噂話をしていた露店の店主と、町人の数名が、「ぎょっとした顔」をする。
「お嬢ちゃん。滅多な事を言うもんじゃないよ」と、隣の露店の女将が声をかける。
「私達、旅歩いてるから、路銀が欲しくてさ」と、白い髪の娘は言う。「勿論、腕に覚えだってあるよ」
その隣では、肩から荷を下げた、齢十三程に見える白い髪の童が、首を傾げていた。
露店の女将に連れられ、娘と童は、彼女の家に行った。二人が玄関を潜ると、女将は急いで戸を閉めた。

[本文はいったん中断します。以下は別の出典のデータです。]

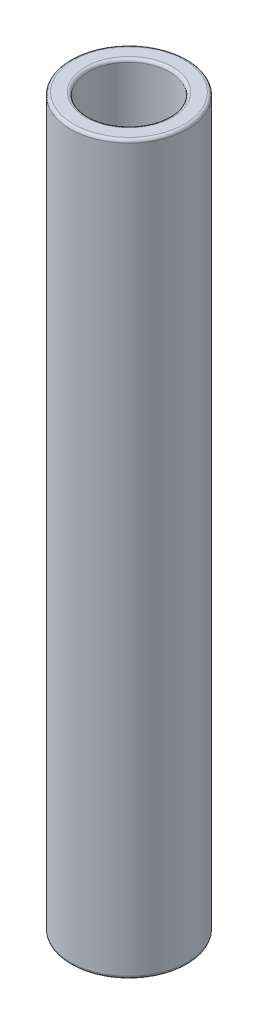
ISO-10303-21;
HEADER;
FILE_DESCRIPTION(('STEP AP214'),'2;1');
FILE_NAME('part.step','',(''),(''),'','','');
FILE_SCHEMA(('AUTOMOTIVE_DESIGN { 1 0 10303 214 1 1 1 1 }'));
ENDSEC;
DATA;
#1=APPLICATION_CONTEXT('core data for automotive mechanical design processes');
#2=APPLICATION_PROTOCOL_DEFINITION('international standard','automotive_design',2000,#1);
#3=PRODUCT_CONTEXT('',#1,'mechanical');
#4=PRODUCT('Part','Part','',(#3));
#5=PRODUCT_RELATED_PRODUCT_CATEGORY('part','',(#4));
#6=PRODUCT_DEFINITION_FORMATION('','',#4);
#7=PRODUCT_DEFINITION_CONTEXT('part definition',#1,'design');
#8=PRODUCT_DEFINITION('design','',#6,#7);
#9=PRODUCT_DEFINITION_SHAPE('','',#8);
#10=(LENGTH_UNIT() NAMED_UNIT(*) SI_UNIT(.MILLI.,.METRE.));
#11=(NAMED_UNIT(*) PLANE_ANGLE_UNIT() SI_UNIT($,.RADIAN.));
#12=(NAMED_UNIT(*) SI_UNIT($,.STERADIAN.) SOLID_ANGLE_UNIT());
#13=UNCERTAINTY_MEASURE_WITH_UNIT(LENGTH_MEASURE(1.E-05),#10,'distance_accuracy_value','');
#14=(GEOMETRIC_REPRESENTATION_CONTEXT(3) GLOBAL_UNCERTAINTY_ASSIGNED_CONTEXT((#13)) GLOBAL_UNIT_ASSIGNED_CONTEXT((#10,
#11,#12)) REPRESENTATION_CONTEXT('',''));
#15=CARTESIAN_POINT('',(0.,0.,0.));
#16=DIRECTION('',(0.,0.,1.));
#17=DIRECTION('',(1.,0.,0.));
#18=AXIS2_PLACEMENT_3D('',#15,#16,#17);
#19=CARTESIAN_POINT('',(0.,0.,0.));
#20=DIRECTION('',(0.,1.,0.));
#21=DIRECTION('',(0.,0.,1.));
#22=AXIS2_PLACEMENT_3D('',#19,#20,#21);
#23=PLANE('',#22);
#24=CARTESIAN_POINT('',(0.,0.,0.));
#25=DIRECTION('',(0.,1.,0.));
#26=DIRECTION('',(0.,0.,1.));
#27=AXIS2_PLACEMENT_3D('',#24,#25,#26);
#28=CIRCLE('',#27,2.94999999999999);
#29=CARTESIAN_POINT('',(0.,0.,2.94999999999999));
#30=VERTEX_POINT('',#29);
#31=EDGE_CURVE('E63',#30,#30,#28,.T.);
#32=ORIENTED_EDGE('',*,*,#31,.T.);
#33=EDGE_LOOP('',(#32));
#34=FACE_BOUND('',#33,.T.);
#35=CARTESIAN_POINT('',(0.,0.,0.));
#36=DIRECTION('',(0.,1.,0.));
#37=DIRECTION('',(0.,0.,1.));
#38=AXIS2_PLACEMENT_3D('',#35,#36,#37);
#39=CIRCLE('',#38,3.75);
#40=CARTESIAN_POINT('',(0.,0.,3.75));
#41=VERTEX_POINT('',#40);
#42=EDGE_CURVE('E66',#41,#41,#39,.F.);
#43=ORIENTED_EDGE('',*,*,#42,.T.);
#44=EDGE_LOOP('',(#43));
#45=FACE_BOUND('',#44,.T.);
#46=ADVANCED_FACE('F43',(#34,#45),#23,.F.);
#47=CARTESIAN_POINT('',(0.,49.15,0.));
#48=DIRECTION('',(0.,-1.,0.));
#49=DIRECTION('',(0.,0.,-1.));
#50=AXIS2_PLACEMENT_3D('',#47,#48,#49);
#51=CYLINDRICAL_SURFACE('',#50,3.95);
#52=CARTESIAN_POINT('',(0.,0.199999999999999,0.));
#53=DIRECTION('',(0.,1.,0.));
#54=DIRECTION('',(0.,0.,1.));
#55=AXIS2_PLACEMENT_3D('',#52,#53,#54);
#56=CIRCLE('',#55,3.95);
#57=CARTESIAN_POINT('',(0.,0.199999999999999,3.95));
#58=VERTEX_POINT('',#57);
#59=EDGE_CURVE('E54',#58,#58,#56,.T.);
#60=ORIENTED_EDGE('',*,*,#59,.T.);
#61=EDGE_LOOP('',(#60));
#62=FACE_BOUND('',#61,.T.);
#63=CARTESIAN_POINT('',(0.,48.95,0.));
#64=DIRECTION('',(0.,1.,0.));
#65=DIRECTION('',(0.,0.,1.));
#66=AXIS2_PLACEMENT_3D('',#63,#64,#65);
#67=CIRCLE('',#66,3.95);
#68=CARTESIAN_POINT('',(0.,48.95,3.95));
#69=VERTEX_POINT('',#68);
#70=EDGE_CURVE('E58',#69,#69,#67,.F.);
#71=ORIENTED_EDGE('',*,*,#70,.T.);
#72=EDGE_LOOP('',(#71));
#73=FACE_BOUND('',#72,.T.);
#74=ADVANCED_FACE('F87',(#62,#73),#51,.T.);
#75=CARTESIAN_POINT('',(0.,49.15,0.));
#76=DIRECTION('',(0.,1.,0.));
#77=DIRECTION('',(0.,0.,1.));
#78=AXIS2_PLACEMENT_3D('',#75,#76,#77);
#79=PLANE('',#78);
#80=CARTESIAN_POINT('',(0.,49.15,0.));
#81=DIRECTION('',(0.,1.,0.));
#82=DIRECTION('',(0.,0.,1.));
#83=AXIS2_PLACEMENT_3D('',#80,#81,#82);
#84=CIRCLE('',#83,3.75);
#85=CARTESIAN_POINT('',(0.,49.15,3.75));
#86=VERTEX_POINT('',#85);
#87=EDGE_CURVE('E10',#86,#86,#84,.T.);
#88=ORIENTED_EDGE('',*,*,#87,.T.);
#89=EDGE_LOOP('',(#88));
#90=FACE_BOUND('',#89,.T.);
#91=CARTESIAN_POINT('',(0.,49.15,0.));
#92=DIRECTION('',(0.,1.,0.));
#93=DIRECTION('',(0.,0.,1.));
#94=AXIS2_PLACEMENT_3D('',#91,#92,#93);
#95=CIRCLE('',#94,2.94999999999999);
#96=CARTESIAN_POINT('',(0.,49.15,2.94999999999999));
#97=VERTEX_POINT('',#96);
#98=EDGE_CURVE('E50',#97,#97,#95,.F.);
#99=ORIENTED_EDGE('',*,*,#98,.T.);
#100=EDGE_LOOP('',(#99));
#101=FACE_BOUND('',#100,.T.);
#102=ADVANCED_FACE('F93',(#90,#101),#79,.T.);
#103=CARTESIAN_POINT('',(0.,49.15,0.));
#104=DIRECTION('',(0.,1.,0.));
#105=DIRECTION('',(0.,0.,1.));
#106=AXIS2_PLACEMENT_3D('',#103,#104,#105);
#107=CYLINDRICAL_SURFACE('',#106,2.74999999999999);
#108=CARTESIAN_POINT('',(0.,0.199999999999999,0.));
#109=DIRECTION('',(0.,1.,0.));
#110=DIRECTION('',(0.,0.,1.));
#111=AXIS2_PLACEMENT_3D('',#108,#109,#110);
#112=CIRCLE('',#111,2.74999999999999);
#113=CARTESIAN_POINT('',(0.,0.199999999999999,2.74999999999999));
#114=VERTEX_POINT('',#113);
#115=EDGE_CURVE('E69',#114,#114,#112,.F.);
#116=ORIENTED_EDGE('',*,*,#115,.T.);
#117=EDGE_LOOP('',(#116));
#118=FACE_BOUND('',#117,.T.);
#119=CARTESIAN_POINT('',(0.,48.95,0.));
#120=DIRECTION('',(0.,1.,0.));
#121=DIRECTION('',(0.,0.,1.));
#122=AXIS2_PLACEMENT_3D('',#119,#120,#121);
#123=CIRCLE('',#122,2.74999999999999);
#124=CARTESIAN_POINT('',(0.,48.95,2.74999999999999));
#125=VERTEX_POINT('',#124);
#126=EDGE_CURVE('E72',#125,#125,#123,.T.);
#127=ORIENTED_EDGE('',*,*,#126,.T.);
#128=EDGE_LOOP('',(#127));
#129=FACE_BOUND('',#128,.T.);
#130=ADVANCED_FACE('F76',(#118,#129),#107,.F.);
#131=CARTESIAN_POINT('',(0.,0.199999999999999,0.));
#132=DIRECTION('',(0.,1.,0.));
#133=DIRECTION('',(0.,0.,1.));
#134=AXIS2_PLACEMENT_3D('',#131,#132,#133);
#135=TOROIDAL_SURFACE('',#134,2.94999999999999,0.2);
#136=ORIENTED_EDGE('',*,*,#31,.F.);
#137=EDGE_LOOP('',(#136));
#138=FACE_BOUND('',#137,.T.);
#139=ORIENTED_EDGE('',*,*,#115,.F.);
#140=EDGE_LOOP('',(#139));
#141=FACE_BOUND('',#140,.T.);
#142=ADVANCED_FACE('F100',(#138,#141),#135,.T.);
#143=CARTESIAN_POINT('',(0.,0.199999999999999,0.));
#144=DIRECTION('',(0.,1.,0.));
#145=DIRECTION('',(0.,0.,1.));
#146=AXIS2_PLACEMENT_3D('',#143,#144,#145);
#147=TOROIDAL_SURFACE('',#146,3.75,0.2);
#148=ORIENTED_EDGE('',*,*,#42,.F.);
#149=EDGE_LOOP('',(#148));
#150=FACE_BOUND('',#149,.T.);
#151=ORIENTED_EDGE('',*,*,#59,.F.);
#152=EDGE_LOOP('',(#151));
#153=FACE_BOUND('',#152,.T.);
#154=ADVANCED_FACE('F84',(#150,#153),#147,.T.);
#155=CARTESIAN_POINT('',(0.,48.95,0.));
#156=DIRECTION('',(0.,1.,0.));
#157=DIRECTION('',(0.,0.,1.));
#158=AXIS2_PLACEMENT_3D('',#155,#156,#157);
#159=TOROIDAL_SURFACE('',#158,3.75,0.2);
#160=ORIENTED_EDGE('',*,*,#70,.F.);
#161=EDGE_LOOP('',(#160));
#162=FACE_BOUND('',#161,.T.);
#163=ORIENTED_EDGE('',*,*,#87,.F.);
#164=EDGE_LOOP('',(#163));
#165=FACE_BOUND('',#164,.T.);
#166=ADVANCED_FACE('F79',(#162,#165),#159,.T.);
#167=CARTESIAN_POINT('',(0.,48.95,0.));
#168=DIRECTION('',(0.,1.,0.));
#169=DIRECTION('',(0.,0.,1.));
#170=AXIS2_PLACEMENT_3D('',#167,#168,#169);
#171=TOROIDAL_SURFACE('',#170,2.94999999999999,0.2);
#172=ORIENTED_EDGE('',*,*,#98,.F.);
#173=EDGE_LOOP('',(#172));
#174=FACE_BOUND('',#173,.T.);
#175=ORIENTED_EDGE('',*,*,#126,.F.);
#176=EDGE_LOOP('',(#175));
#177=FACE_BOUND('',#176,.T.);
#178=ADVANCED_FACE('F45',(#174,#177),#171,.T.);
#179=CLOSED_SHELL('',(#46,#74,#102,#130,#142,#154,#166,#178));
#180=MANIFOLD_SOLID_BREP('B2',#179);
#181=ADVANCED_BREP_SHAPE_REPRESENTATION('',(#18,#180),#14);
#182=SHAPE_DEFINITION_REPRESENTATION(#9,#181);
ENDSEC;
END-ISO-10303-21;

「さっきの話だけど」と、囁く。「あんた達は、本当に『腕に覚え』があるのかい?」
「ええ」と、娘は答える。
「でも、相手は亡霊だよ? 何か、術の心得がないと、退治はできないんじゃないのかい?」
「大丈夫。その心得があるから言ってるんだ。出来る事なら、何か……『亡霊を退治したら、銀をこれだけ渡します』って言う、約束が出来る所があると良いんだけど」
「奉行所に言えば、扶持を出してもらえるかもしれない。だけど、逆に注意されるかもしれないよ? 向う見ずに、湖に近づくなって」
「じゃぁ、どうしたら、ぶぎょうしょの人に『亡霊退治』を認めてもらえるかな」
女将は暫く黙り、「じゃあ、こうしよう」と、策を提示した。
奉行所の目安箱に、投書が届いた。
「飛花の湖に出没する亡霊を退治する。亡霊の正体を暴いた暁には、銀三十匁を求める」と言う文だった。
また命知らずな者が、金銭を目当てに無謀な事を言い出したと、勘定奉行所の代官は頭を抱えた。
飛花の湖には、確かに何かが居る。しかも、同心を組ませて正体を暴きに行っても、誰一人生きて帰らなかった。
それからは、飛花の湖には近づくなと言うお触れを出してある。
銀を求める文の裏には、露天商をしている女の名前が書いてあった。
要領を得ない申し出であるため、ひとまずはその女を呼び出す事にした。
露天商の女将は、まだ年若い娘と、その肉親と思われる童を連れて来た。
代官は問いを投げる。
「お前が、露天商のコウと言う女か?」
「はい。お代官様」と、コウは平伏す。
コウの後ろに立っている娘と童は、まだ礼儀も知らないようで、幼子のようなきょとんとした表情のまま、頭も下げない。
「あんた達。膝を折りな」と、コウが声をかけた。
娘と童は、見様見真似で、ようやく地面に膝を折って座った。しかし、頭を下げる事はしなかった。
代官は聞く。
「その二人は何者だ?」
コウは答えた。
「この二人が、湖の亡霊を鎮められると、申している者達です。上手く鎮められたら、路銀が欲しいと」
「旅の者か。ならば、あの湖の有様も知るまい」
そう言ってから、代官は半年ほど前から続くようになった、湖での怪死事件を、若人に説明した。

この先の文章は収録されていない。